For immediate release
("Kistos", the "Company" or the "Group")
Proposed Acquisition of Tulip Oil Netherlands B.V.
Suspension of Trading on AIM
Kistos (AIM: KIST), the closed-ended investment company which has been established with the objective of creating value for its investors through the acquisition and management of companies or businesses in the energy sector, is pleased to announce that it has entered into a binding share purchase agreement, subject to customary conditions precedent, to acquire the entire issued and outstanding share capital of Tulip Oil Netherlands B.V. ("TON") from Tulip Oil Holding B.V. (the "Seller" or "Tulip" or "TOH") (the "Acquisition").
· Kistos proposes the acquisition of TON, which, via its wholly-owned subsidiary, Tulip Oil Netherlands Offshore B.V. ("TONO"), owns an operating interest in the Q10-A offshore gas field and interests in other fields in the Dutch North Sea, including the Q10-B, Q11-B and M10/M11 discoveries, and other exploration and appraisal projects.
· The total upfront consideration for the Acquisition, subject to completion adjustments, is EUR 220 million. This consideration will be satisfied through a combination of cash, the assumption by Kistos of an existing bond instrument issued by TONO, the issue of a new debt instrument and the issue to the Seller of equity in Kistos. Kistos will also issue warrants over EUR 5 million of ordinary shares at a premium of 30% to the price of any equity placing to TOH. In addition, contingent consideration of up to EUR 163 million is payable on certain development milestones.
· It is anticipated that the Company will carry out an equity placing to existing and new investors in connection with the Acquisition (the "Placing"). The Company is exploring how the Placing can be accessed by retail shareholders. Both the Seller and various Directors of the Company will participate in the Placing.
· The Company is working with debt advisors in Norway to explore the options for the new debt instrument which will be issued as part of the consideration.
· The completion of the Acquisition is subject to, inter alia:
o certain regulatory consents and confirmations;
o finalisation of the Placing and the debt financing associated with the Acquisition;
o the publication of an AIM admission document;
o shareholder approval of the Acquisition; and
o Admission of the enlarged share capital of Kistos to trading on AIM.
· Upon completion of the Acquisition, the Company expects to cease to be an investing company under the AIM Rules for Companies and instead become a trading company. The Group will continue to review acquisition opportunities as they arise.

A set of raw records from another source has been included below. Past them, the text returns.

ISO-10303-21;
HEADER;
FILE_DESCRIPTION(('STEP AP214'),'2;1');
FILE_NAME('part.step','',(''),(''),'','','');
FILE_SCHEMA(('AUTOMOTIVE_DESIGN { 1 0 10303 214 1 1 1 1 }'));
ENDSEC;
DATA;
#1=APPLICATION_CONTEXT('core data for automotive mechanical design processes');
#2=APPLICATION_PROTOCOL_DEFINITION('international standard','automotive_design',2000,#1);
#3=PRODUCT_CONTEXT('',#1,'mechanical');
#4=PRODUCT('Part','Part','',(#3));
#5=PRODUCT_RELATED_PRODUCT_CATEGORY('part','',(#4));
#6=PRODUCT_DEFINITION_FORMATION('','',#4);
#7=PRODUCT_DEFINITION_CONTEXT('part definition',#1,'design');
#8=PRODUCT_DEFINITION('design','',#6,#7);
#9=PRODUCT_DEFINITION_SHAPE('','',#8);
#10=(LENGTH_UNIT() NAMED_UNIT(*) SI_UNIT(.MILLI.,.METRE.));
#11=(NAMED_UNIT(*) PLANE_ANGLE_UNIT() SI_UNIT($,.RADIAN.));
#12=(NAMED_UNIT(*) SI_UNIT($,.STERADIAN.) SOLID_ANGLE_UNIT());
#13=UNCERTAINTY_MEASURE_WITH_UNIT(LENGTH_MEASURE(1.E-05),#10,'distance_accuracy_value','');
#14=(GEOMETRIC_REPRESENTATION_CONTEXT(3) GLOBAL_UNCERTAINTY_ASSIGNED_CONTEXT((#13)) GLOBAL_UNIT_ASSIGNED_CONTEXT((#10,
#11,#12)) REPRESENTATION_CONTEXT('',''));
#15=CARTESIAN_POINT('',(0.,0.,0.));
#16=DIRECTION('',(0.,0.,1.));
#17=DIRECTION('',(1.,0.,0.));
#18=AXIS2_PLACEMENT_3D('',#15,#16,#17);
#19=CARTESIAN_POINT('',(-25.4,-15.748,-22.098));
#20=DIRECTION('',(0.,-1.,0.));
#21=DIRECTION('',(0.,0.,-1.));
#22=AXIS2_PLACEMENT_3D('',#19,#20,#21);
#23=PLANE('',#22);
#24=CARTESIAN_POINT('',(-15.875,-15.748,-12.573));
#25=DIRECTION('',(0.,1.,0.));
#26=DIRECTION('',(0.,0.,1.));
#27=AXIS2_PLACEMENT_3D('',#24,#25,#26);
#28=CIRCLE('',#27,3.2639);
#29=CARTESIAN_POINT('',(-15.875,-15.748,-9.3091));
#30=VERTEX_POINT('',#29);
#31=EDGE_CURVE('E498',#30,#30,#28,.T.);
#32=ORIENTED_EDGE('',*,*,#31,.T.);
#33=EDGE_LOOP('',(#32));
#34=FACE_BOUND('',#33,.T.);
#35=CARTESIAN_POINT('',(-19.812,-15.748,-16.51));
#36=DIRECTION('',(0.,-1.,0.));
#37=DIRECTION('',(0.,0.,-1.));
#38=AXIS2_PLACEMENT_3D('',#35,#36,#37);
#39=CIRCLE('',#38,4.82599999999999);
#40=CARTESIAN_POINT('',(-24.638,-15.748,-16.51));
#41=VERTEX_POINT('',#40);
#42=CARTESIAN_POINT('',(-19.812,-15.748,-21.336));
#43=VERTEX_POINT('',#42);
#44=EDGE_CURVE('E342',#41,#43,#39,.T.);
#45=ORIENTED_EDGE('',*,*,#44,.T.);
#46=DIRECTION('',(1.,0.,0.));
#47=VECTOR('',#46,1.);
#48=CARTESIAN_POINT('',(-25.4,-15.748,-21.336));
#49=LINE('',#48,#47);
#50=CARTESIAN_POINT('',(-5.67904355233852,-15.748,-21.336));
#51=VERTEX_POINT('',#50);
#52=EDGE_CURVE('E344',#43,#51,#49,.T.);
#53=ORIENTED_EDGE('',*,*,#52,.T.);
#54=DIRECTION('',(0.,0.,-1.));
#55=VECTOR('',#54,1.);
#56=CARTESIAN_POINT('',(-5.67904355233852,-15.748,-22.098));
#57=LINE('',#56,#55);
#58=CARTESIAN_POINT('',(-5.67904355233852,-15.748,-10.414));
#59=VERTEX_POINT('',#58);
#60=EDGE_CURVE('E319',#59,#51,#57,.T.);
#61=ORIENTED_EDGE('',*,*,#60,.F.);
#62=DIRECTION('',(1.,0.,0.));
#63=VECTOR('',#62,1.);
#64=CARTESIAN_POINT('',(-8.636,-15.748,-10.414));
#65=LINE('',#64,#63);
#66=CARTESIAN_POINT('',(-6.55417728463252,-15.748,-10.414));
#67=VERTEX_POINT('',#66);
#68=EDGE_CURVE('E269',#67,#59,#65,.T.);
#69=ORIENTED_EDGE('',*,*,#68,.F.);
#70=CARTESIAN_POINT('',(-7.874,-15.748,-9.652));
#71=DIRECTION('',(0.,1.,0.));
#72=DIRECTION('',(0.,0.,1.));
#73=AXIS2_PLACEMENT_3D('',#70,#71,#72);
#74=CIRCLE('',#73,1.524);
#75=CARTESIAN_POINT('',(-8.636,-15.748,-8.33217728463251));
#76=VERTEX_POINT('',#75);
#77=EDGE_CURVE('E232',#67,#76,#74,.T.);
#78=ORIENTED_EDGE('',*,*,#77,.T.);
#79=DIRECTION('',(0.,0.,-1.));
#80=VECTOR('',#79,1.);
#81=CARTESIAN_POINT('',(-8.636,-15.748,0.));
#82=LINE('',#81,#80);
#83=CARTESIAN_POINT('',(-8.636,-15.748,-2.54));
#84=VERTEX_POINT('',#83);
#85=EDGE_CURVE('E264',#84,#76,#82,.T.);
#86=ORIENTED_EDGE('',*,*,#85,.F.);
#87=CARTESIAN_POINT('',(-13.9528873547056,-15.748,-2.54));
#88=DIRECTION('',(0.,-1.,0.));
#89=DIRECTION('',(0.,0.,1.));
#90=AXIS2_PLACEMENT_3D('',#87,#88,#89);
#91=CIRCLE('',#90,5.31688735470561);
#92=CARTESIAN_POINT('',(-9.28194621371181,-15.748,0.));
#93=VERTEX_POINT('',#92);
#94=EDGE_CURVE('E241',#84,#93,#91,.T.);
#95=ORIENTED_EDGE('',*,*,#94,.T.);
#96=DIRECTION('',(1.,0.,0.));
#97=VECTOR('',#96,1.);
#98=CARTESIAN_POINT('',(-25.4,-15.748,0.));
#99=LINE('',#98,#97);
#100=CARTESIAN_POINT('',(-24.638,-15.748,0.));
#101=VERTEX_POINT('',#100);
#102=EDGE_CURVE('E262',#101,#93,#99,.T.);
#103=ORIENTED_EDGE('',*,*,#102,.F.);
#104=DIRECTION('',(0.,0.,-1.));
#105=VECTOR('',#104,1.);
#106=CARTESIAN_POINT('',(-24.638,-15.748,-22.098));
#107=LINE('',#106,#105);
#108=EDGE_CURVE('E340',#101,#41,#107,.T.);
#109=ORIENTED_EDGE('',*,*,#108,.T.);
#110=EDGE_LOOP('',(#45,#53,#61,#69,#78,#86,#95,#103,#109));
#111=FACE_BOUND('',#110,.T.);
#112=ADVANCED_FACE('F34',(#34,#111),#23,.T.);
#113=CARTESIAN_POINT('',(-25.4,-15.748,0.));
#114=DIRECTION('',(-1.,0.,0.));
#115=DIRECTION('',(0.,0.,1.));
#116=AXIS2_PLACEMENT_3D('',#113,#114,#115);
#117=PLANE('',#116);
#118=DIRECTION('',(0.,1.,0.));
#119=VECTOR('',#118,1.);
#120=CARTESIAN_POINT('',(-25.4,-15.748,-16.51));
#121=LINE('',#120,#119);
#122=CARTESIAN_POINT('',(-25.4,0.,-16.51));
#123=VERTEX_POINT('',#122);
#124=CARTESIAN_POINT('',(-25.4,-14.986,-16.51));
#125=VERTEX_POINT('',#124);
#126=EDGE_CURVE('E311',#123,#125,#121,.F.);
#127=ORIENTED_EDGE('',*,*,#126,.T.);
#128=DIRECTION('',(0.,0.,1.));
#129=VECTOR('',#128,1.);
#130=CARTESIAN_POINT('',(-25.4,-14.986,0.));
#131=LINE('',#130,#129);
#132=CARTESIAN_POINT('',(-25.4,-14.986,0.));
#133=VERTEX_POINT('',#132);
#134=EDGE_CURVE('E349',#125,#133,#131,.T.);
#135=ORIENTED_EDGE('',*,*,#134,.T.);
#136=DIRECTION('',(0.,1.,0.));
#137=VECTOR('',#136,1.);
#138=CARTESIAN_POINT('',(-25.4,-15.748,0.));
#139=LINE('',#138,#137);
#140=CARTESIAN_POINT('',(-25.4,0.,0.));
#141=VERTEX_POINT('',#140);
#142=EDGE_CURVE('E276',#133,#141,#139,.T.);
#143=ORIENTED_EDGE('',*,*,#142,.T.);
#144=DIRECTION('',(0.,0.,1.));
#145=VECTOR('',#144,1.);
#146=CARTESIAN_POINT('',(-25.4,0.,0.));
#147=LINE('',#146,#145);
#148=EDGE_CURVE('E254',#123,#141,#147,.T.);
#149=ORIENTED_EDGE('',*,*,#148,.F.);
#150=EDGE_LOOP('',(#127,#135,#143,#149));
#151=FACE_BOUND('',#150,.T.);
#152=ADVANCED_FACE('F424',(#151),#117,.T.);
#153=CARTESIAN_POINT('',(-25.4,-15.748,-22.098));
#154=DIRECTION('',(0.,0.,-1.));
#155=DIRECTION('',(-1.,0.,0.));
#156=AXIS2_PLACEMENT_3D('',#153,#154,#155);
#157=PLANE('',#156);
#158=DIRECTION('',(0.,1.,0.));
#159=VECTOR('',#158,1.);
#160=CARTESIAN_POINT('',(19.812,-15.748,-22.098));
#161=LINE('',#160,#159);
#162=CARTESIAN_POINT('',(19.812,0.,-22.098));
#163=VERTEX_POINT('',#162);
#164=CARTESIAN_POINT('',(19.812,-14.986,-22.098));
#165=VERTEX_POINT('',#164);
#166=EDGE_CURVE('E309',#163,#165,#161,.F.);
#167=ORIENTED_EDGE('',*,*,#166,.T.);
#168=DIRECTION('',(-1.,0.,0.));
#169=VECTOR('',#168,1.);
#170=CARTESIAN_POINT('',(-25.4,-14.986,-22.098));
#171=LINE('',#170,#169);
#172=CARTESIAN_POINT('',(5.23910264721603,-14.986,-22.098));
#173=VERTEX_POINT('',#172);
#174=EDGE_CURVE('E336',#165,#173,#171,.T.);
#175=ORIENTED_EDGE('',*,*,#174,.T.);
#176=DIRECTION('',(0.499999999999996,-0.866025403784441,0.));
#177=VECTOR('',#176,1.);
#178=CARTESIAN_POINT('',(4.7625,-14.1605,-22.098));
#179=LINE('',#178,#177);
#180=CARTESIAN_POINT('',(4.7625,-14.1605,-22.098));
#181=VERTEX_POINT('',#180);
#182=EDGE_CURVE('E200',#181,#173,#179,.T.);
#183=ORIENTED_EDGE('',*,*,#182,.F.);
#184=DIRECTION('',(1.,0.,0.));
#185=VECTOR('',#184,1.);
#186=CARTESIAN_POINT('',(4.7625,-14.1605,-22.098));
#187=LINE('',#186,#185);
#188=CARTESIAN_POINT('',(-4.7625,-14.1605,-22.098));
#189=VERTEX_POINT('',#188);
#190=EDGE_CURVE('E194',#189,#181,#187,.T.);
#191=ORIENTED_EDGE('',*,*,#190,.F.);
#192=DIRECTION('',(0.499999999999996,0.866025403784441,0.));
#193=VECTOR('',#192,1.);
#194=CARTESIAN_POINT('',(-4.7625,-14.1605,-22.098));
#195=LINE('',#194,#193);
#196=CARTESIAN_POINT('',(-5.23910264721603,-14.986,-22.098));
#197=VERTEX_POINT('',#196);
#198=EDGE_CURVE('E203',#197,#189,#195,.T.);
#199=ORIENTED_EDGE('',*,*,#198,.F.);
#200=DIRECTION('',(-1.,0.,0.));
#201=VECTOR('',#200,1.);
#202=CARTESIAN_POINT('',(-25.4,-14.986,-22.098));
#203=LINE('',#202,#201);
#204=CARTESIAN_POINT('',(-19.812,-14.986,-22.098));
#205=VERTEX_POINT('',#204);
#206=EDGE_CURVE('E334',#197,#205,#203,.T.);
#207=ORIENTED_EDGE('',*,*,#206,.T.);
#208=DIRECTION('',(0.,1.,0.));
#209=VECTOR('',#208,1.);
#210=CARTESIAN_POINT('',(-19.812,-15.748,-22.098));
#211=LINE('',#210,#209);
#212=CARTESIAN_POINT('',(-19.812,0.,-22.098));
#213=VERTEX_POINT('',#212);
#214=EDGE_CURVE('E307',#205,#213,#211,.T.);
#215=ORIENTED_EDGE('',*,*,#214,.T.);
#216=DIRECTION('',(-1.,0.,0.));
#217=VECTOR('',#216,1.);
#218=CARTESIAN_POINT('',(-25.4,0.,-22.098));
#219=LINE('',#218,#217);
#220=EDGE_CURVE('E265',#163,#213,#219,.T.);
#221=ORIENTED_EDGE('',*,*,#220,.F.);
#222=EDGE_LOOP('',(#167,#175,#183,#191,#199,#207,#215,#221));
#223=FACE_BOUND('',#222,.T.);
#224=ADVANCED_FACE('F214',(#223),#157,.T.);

Andrew Austin, Chairman of Kistos, commented:
"We are very excited to be beginning the next phase of Kistos' journey with the acquisition of these profitable and cash generative assets, which have probably the lowest carbon footprint of any production assets in the North Sea. To be producing gas, a vital transition fuel, from normally unmanned platforms powered by solar and wind is exactly what we set out to do. In addition, we see potential for significantly increased production from discovered hydrocarbons within the licences being acquired by Kistos.
"The team at Tulip have done a fantastic job to date in getting this low carbon production operation up and running and we are looking forward to working with them and our partners at EBN in replicating this success and being a model for future low impact developments."
Information on TON
· The Acquisition comprises a controlling (60%) interest in the Q10-A offshore gas field together with interests in a suite of offshore exploration and production licences in the Dutch North Sea.
· The Q10-A field has 2P reserves of 19.5 mmboe and generated total net production of 5.47 mboe/d in 2020.
· Q10-A is reliant on solar and wind power. Its carbon emissions from production operations were <10g C02e/boe1 in 2020 and 17g C02e/boe1 in 2019. These are significantly below the North Sea average of 21 kg C02/boe. The Acquisition is consequently in line with the Company's strategy to acquire assets with a role in the energy transition.
· Plans for the future developments of the assets being acquired by Kistos utilise wind and solar power, which will make Kistos one of the lowest CO2/boe emitters of Scope 1 emissions from upstream operations in North West Europe.
· The group to be acquired recorded aggregated EBITDA1 of EUR 30.60 million in the year to 31 December 2020 (2019: EUR 36.27 million) and profit before tax in the same period of EUR 16.27 million (2019: EUR 38.66 million).
· The realised gas price in the year to 31 December 2020 was EUR 11.58/mWh (2019: EUR 12.55/mWh). The realised prices and forward curve imply an average 2021 gas price of EUR 18.30/mWh.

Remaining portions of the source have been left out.